HYPOTHESES

H0:The observed frequencies matches the expected frequencies.

H1:The observed frequencies do not match the expected frequencies

INSTALL AND LOAD REQUIRED PACKAGE

# install.packages("readxl")
library(readxl)

IMPORT THE EXCEL FILE

dataset <- read_excel("C:/Users/konifade/Downloads/RQ1.xlsx")

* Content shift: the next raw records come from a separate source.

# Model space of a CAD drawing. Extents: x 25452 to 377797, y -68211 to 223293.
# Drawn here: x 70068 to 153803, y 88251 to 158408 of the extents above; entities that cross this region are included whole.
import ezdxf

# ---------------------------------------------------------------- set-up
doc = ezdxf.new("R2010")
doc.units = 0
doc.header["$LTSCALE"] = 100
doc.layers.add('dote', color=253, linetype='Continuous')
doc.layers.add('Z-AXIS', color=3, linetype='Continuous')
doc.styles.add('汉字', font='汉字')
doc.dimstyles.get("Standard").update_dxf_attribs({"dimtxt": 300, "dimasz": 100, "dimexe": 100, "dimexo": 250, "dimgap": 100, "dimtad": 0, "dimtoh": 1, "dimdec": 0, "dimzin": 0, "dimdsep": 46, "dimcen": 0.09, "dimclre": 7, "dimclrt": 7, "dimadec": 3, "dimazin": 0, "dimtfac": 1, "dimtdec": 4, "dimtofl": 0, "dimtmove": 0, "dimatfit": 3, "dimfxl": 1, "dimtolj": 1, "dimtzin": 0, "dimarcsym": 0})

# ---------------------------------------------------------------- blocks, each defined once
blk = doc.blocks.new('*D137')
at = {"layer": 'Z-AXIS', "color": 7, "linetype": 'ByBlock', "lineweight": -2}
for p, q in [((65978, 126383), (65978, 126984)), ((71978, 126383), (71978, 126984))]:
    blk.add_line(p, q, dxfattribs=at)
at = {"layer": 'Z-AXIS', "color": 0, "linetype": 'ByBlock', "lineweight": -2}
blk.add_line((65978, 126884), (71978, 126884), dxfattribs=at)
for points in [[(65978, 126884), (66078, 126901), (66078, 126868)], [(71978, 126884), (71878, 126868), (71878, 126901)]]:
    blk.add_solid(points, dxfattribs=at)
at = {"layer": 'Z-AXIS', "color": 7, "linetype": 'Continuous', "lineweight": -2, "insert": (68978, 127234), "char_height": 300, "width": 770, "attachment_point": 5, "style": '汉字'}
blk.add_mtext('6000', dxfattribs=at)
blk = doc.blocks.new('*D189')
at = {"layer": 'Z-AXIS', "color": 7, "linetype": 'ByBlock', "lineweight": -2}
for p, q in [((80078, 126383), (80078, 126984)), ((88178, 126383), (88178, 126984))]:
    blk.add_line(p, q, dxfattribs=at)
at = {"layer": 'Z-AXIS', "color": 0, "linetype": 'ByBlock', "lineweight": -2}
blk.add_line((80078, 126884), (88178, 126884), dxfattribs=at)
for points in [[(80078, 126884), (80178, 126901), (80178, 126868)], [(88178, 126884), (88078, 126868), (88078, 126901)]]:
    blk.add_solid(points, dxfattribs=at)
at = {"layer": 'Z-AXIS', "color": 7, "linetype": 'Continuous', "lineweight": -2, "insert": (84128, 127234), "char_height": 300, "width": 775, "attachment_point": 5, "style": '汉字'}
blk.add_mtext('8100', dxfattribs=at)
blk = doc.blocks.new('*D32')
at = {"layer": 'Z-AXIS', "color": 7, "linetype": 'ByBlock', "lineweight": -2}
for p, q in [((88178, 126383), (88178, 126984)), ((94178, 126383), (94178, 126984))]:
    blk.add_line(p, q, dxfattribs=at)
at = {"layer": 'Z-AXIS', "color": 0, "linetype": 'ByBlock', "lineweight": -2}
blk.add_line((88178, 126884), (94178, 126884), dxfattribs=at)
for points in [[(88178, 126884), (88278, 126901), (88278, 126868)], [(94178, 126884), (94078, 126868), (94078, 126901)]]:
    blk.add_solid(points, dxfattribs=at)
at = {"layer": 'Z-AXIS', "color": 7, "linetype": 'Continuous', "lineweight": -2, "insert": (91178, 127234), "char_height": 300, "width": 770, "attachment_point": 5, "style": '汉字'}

CREATE AND VIEW YOUR FREQUENCY TABLE

observed <- table(dataset$Dessert)
print(observed)
## 
## Cheesecake  ChocoCake   Tiramisu 
##        171        258        119

EXPECTED PROPORTIONS

expected <- c(1/3, 1/3, 1/3)

CALCULATE CHI-SQUARED RESULTS

chisq_gfit <- chisq.test(observed, p = expected)

print(chisq_gfit)
## 
##  Chi-squared test for given probabilities
## 
## data:  observed
## X-squared = 54.004, df = 2, p-value = 1.876e-12

EFFECT SIZE

W <- sqrt(chisq_gfit$statistic / sum(observed))
 W
## X-squared 
## 0.3139217

COMMENT

A Cohen’s W of 0.314 indicates a moderate difference between the observed and expected frequencies, reflecting a moderate effect size.

BAR PLOT

barplot(rbind(observed, expected * sum(observed)),
         beside = TRUE,
         col = c("skyblue", "orange"),
         names.arg = names(observed),
         legend.text = c("Observed", "Expected"),
         main = "Dessert Preferences: Observed vs Expected")

FINAL REPORT

A Chi-Square Goodness-of-Fit Test was conducted to determine whether dessert type preference (Cheesecake, ChocoCake , Tiramisu) was different from an equal distribution (33.33%, 33.33%, 33.33%) among 548 participants. There was a statistically significant difference in dessert type preferences, χ²(2, N = 548) = 54.004, p < .001. Participants preferred chococake more than cheesecake or tiramisu. The effect size was medium (Cohen’s W = 0.314).